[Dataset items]
# # # #

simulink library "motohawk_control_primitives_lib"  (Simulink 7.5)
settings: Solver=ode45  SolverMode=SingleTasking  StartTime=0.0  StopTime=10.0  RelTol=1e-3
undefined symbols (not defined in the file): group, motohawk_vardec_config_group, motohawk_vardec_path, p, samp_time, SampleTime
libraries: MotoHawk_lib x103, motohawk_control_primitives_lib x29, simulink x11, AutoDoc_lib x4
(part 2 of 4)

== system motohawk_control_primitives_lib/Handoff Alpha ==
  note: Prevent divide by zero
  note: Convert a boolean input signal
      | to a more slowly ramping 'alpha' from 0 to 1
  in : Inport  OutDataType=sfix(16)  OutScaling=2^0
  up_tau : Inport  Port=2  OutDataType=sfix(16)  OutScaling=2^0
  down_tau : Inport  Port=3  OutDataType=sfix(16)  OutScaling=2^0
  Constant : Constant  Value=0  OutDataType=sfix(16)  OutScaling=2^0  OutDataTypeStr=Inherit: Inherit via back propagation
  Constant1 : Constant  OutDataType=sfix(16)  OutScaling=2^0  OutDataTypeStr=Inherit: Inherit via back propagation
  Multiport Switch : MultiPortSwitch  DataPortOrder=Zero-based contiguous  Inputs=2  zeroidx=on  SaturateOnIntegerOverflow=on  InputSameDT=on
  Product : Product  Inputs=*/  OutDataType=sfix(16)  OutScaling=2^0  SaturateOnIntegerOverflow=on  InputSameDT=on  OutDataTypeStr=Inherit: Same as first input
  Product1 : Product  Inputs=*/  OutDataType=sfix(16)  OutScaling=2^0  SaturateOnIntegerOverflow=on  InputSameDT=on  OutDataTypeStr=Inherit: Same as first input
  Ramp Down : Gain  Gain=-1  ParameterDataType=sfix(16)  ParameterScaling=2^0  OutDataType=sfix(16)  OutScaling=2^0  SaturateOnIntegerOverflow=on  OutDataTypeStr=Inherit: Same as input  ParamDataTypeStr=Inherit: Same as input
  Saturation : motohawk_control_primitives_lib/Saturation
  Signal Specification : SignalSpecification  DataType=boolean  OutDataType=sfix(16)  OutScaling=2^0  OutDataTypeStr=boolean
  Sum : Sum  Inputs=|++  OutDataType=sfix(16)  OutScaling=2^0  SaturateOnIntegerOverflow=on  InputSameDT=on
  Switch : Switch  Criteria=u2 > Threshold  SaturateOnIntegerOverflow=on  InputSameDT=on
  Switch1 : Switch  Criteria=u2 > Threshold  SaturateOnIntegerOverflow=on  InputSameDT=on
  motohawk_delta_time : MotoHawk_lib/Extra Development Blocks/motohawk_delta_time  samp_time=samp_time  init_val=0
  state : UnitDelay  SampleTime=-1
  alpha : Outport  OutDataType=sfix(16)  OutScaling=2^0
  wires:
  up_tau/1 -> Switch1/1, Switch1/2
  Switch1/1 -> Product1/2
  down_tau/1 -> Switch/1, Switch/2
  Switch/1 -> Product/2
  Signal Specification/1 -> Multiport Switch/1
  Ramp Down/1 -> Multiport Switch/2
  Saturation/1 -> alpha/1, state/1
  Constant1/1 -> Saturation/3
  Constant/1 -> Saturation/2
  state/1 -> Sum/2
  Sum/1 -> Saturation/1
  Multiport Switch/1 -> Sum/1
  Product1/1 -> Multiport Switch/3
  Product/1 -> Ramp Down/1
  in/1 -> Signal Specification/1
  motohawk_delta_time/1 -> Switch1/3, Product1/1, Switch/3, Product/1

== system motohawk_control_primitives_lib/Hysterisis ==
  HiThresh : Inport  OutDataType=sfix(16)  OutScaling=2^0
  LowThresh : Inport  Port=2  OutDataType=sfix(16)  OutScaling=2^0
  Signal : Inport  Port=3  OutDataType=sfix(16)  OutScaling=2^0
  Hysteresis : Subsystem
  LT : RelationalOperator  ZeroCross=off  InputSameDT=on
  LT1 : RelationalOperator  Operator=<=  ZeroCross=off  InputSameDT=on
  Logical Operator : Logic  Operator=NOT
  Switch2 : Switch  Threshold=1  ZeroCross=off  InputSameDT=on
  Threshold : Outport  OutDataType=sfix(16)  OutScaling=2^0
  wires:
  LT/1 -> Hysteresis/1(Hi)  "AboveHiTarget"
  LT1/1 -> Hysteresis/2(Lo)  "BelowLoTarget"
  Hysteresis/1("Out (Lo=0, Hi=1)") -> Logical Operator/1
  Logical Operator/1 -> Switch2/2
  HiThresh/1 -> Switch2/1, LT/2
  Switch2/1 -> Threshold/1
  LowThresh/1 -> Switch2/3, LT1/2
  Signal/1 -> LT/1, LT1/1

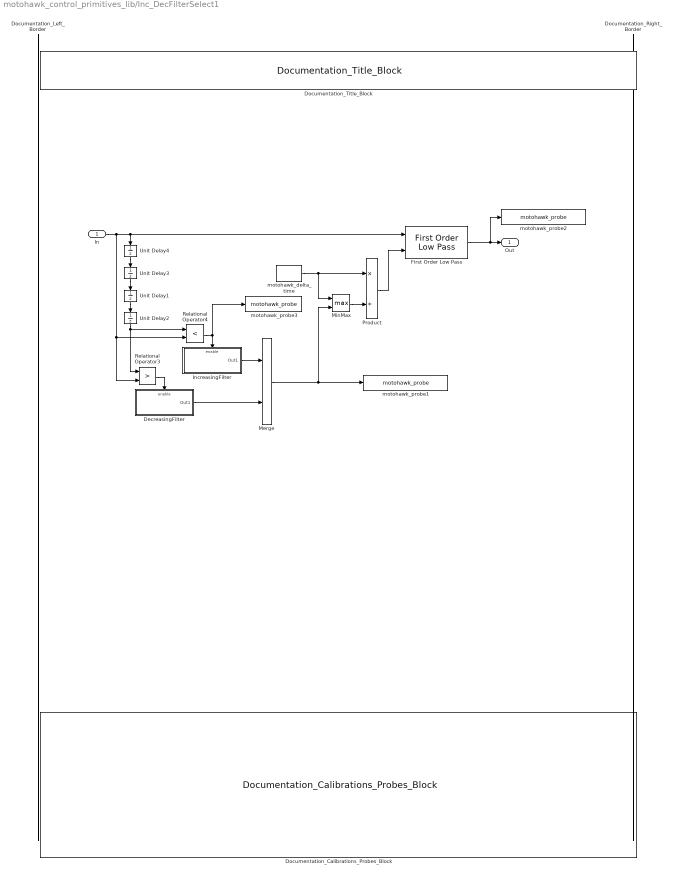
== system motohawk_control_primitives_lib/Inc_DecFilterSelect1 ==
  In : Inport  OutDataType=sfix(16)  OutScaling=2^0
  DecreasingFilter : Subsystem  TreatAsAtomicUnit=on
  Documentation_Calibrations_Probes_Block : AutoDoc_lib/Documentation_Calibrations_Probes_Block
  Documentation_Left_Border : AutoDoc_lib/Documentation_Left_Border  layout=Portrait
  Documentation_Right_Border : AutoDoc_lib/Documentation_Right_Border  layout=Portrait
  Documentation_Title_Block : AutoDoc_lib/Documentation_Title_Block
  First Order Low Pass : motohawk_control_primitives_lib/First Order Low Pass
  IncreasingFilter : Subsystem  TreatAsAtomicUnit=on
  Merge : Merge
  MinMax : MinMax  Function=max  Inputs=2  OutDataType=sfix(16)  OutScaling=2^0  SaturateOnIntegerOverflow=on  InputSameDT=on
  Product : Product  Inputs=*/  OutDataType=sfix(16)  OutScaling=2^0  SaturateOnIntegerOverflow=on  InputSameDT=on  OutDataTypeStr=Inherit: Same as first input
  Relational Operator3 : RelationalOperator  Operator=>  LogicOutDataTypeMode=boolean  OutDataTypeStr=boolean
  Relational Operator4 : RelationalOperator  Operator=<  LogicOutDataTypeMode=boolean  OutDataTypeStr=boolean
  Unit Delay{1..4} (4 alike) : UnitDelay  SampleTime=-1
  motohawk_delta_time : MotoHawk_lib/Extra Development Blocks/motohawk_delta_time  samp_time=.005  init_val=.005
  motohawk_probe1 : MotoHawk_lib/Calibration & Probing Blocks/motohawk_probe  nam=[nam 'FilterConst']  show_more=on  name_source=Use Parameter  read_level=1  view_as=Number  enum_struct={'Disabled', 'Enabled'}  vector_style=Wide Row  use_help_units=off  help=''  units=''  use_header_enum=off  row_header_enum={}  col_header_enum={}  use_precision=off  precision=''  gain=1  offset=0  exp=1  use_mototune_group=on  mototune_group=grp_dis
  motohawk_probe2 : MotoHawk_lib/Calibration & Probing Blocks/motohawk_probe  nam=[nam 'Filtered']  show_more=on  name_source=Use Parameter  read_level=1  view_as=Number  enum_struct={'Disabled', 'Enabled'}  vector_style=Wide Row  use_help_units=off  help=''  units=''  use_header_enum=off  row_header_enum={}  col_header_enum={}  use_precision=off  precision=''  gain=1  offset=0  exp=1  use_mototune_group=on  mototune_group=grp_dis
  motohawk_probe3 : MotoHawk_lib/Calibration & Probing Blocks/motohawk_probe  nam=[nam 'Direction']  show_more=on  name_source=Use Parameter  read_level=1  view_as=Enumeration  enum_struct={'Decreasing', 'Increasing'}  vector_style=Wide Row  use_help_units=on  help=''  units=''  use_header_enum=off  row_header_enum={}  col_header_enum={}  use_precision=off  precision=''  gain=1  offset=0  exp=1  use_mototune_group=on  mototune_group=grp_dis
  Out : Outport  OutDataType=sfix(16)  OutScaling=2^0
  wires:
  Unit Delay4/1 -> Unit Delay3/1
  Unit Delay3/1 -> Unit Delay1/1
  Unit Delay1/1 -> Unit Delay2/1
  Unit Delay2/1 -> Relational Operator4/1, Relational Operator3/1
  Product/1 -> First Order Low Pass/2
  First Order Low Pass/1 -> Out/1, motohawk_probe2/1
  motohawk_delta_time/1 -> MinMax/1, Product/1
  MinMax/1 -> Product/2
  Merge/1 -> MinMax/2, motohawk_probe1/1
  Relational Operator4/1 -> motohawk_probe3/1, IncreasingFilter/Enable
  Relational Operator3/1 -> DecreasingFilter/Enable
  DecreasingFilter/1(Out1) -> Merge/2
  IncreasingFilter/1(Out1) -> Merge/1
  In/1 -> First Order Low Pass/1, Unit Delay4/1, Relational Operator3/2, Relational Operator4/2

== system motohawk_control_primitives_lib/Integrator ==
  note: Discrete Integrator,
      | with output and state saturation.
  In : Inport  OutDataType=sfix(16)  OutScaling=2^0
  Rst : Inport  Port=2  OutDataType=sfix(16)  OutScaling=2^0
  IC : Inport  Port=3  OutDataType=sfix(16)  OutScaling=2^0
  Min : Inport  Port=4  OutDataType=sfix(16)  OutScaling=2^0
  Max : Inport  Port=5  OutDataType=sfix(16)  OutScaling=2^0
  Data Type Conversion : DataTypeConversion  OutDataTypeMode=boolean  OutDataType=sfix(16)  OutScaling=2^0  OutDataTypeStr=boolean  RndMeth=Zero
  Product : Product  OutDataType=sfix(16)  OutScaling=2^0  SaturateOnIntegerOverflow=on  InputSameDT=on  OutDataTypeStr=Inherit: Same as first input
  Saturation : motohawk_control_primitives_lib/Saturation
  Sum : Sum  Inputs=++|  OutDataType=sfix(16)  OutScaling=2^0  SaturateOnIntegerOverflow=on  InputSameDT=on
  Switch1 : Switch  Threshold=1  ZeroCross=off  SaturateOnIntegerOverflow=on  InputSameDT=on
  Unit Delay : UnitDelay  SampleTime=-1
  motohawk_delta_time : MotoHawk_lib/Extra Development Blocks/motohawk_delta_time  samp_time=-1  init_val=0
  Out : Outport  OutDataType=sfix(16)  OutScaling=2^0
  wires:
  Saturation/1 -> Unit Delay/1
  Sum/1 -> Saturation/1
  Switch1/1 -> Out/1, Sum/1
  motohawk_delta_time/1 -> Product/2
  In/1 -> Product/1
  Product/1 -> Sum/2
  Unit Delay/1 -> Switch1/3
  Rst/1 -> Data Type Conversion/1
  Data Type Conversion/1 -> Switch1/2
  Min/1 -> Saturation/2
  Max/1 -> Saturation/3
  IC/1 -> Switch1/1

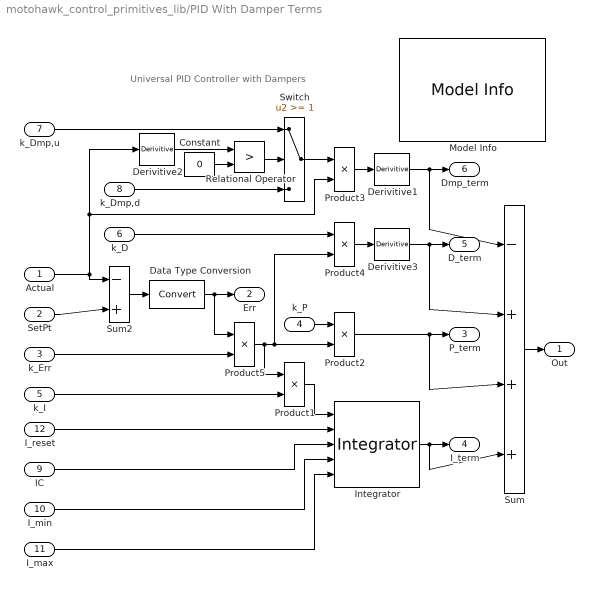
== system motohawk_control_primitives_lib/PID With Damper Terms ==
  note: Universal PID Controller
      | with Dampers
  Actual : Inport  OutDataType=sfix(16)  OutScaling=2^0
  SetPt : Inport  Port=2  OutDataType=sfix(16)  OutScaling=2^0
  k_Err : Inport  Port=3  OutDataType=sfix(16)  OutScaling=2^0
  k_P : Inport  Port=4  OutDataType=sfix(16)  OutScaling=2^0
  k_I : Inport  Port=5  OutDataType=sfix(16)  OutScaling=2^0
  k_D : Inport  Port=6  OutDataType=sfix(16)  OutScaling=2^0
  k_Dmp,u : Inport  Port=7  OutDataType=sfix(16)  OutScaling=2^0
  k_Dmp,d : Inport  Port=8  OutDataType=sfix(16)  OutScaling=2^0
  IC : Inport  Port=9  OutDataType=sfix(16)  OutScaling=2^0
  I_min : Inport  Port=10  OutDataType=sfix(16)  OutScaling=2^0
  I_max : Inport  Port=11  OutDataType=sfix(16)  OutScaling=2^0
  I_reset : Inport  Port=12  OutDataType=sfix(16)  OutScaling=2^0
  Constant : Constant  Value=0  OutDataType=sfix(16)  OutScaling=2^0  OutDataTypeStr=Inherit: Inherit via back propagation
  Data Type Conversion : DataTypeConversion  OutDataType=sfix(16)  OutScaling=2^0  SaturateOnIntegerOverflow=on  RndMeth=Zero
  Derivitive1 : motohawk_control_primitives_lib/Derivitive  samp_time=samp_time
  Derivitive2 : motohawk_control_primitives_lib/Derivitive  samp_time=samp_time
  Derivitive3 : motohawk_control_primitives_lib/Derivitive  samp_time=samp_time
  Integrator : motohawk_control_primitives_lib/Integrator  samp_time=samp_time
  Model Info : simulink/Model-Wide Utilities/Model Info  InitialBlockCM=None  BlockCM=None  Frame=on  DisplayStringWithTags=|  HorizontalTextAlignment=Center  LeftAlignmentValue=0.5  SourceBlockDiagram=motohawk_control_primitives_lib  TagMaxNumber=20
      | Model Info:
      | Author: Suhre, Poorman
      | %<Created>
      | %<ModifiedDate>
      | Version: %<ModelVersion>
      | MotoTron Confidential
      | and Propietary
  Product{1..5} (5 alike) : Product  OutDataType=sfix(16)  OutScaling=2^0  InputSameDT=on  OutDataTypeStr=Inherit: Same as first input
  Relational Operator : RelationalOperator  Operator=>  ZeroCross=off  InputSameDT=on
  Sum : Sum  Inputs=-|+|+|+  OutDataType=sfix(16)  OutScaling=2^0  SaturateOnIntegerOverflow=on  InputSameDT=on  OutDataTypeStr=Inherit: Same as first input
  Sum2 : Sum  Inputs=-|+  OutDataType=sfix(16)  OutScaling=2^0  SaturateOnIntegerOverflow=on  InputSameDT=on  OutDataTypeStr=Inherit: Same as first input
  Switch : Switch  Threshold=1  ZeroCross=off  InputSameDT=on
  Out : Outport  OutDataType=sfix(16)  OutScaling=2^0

# # # #

**TASK TO CARRY OUT:** Given the records above, return exactly the lines starting at the line containing "Multiport Switch : MultiPortSwitch" and ending at the line containing "Saturation/1 -> alpha/1, state/1", including both.

**WRITTEN REPLY:**
  Multiport Switch : MultiPortSwitch  DataPortOrder=Zero-based contiguous  Inputs=2  zeroidx=on  SaturateOnIntegerOverflow=on  InputSameDT=on
  Product : Product  Inputs=*/  OutDataType=sfix(16)  OutScaling=2^0  SaturateOnIntegerOverflow=on  InputSameDT=on  OutDataTypeStr=Inherit: Same as first input
  Product1 : Product  Inputs=*/  OutDataType=sfix(16)  OutScaling=2^0  SaturateOnIntegerOverflow=on  InputSameDT=on  OutDataTypeStr=Inherit: Same as first input
  Ramp Down : Gain  Gain=-1  ParameterDataType=sfix(16)  ParameterScaling=2^0  OutDataType=sfix(16)  OutScaling=2^0  SaturateOnIntegerOverflow=on  OutDataTypeStr=Inherit: Same as input  ParamDataTypeStr=Inherit: Same as input
  Saturation : motohawk_control_primitives_lib/Saturation
  Signal Specification : SignalSpecification  DataType=boolean  OutDataType=sfix(16)  OutScaling=2^0  OutDataTypeStr=boolean
  Sum : Sum  Inputs=|++  OutDataType=sfix(16)  OutScaling=2^0  SaturateOnIntegerOverflow=on  InputSameDT=on
  Switch : Switch  Criteria=u2 > Threshold  SaturateOnIntegerOverflow=on  InputSameDT=on
  Switch1 : Switch  Criteria=u2 > Threshold  SaturateOnIntegerOverflow=on  InputSameDT=on
  motohawk_delta_time : MotoHawk_lib/Extra Development Blocks/motohawk_delta_time  samp_time=samp_time  init_val=0
  state : UnitDelay  SampleTime=-1
  alpha : Outport  OutDataType=sfix(16)  OutScaling=2^0
  wires:
  up_tau/1 -> Switch1/1, Switch1/2
  Switch1/1 -> Product1/2
  down_tau/1 -> Switch/1, Switch/2
  Switch/1 -> Product/2
  Signal Specification/1 -> Multiport Switch/1
  Ramp Down/1 -> Multiport Switch/2
  Saturation/1 -> alpha/1, state/1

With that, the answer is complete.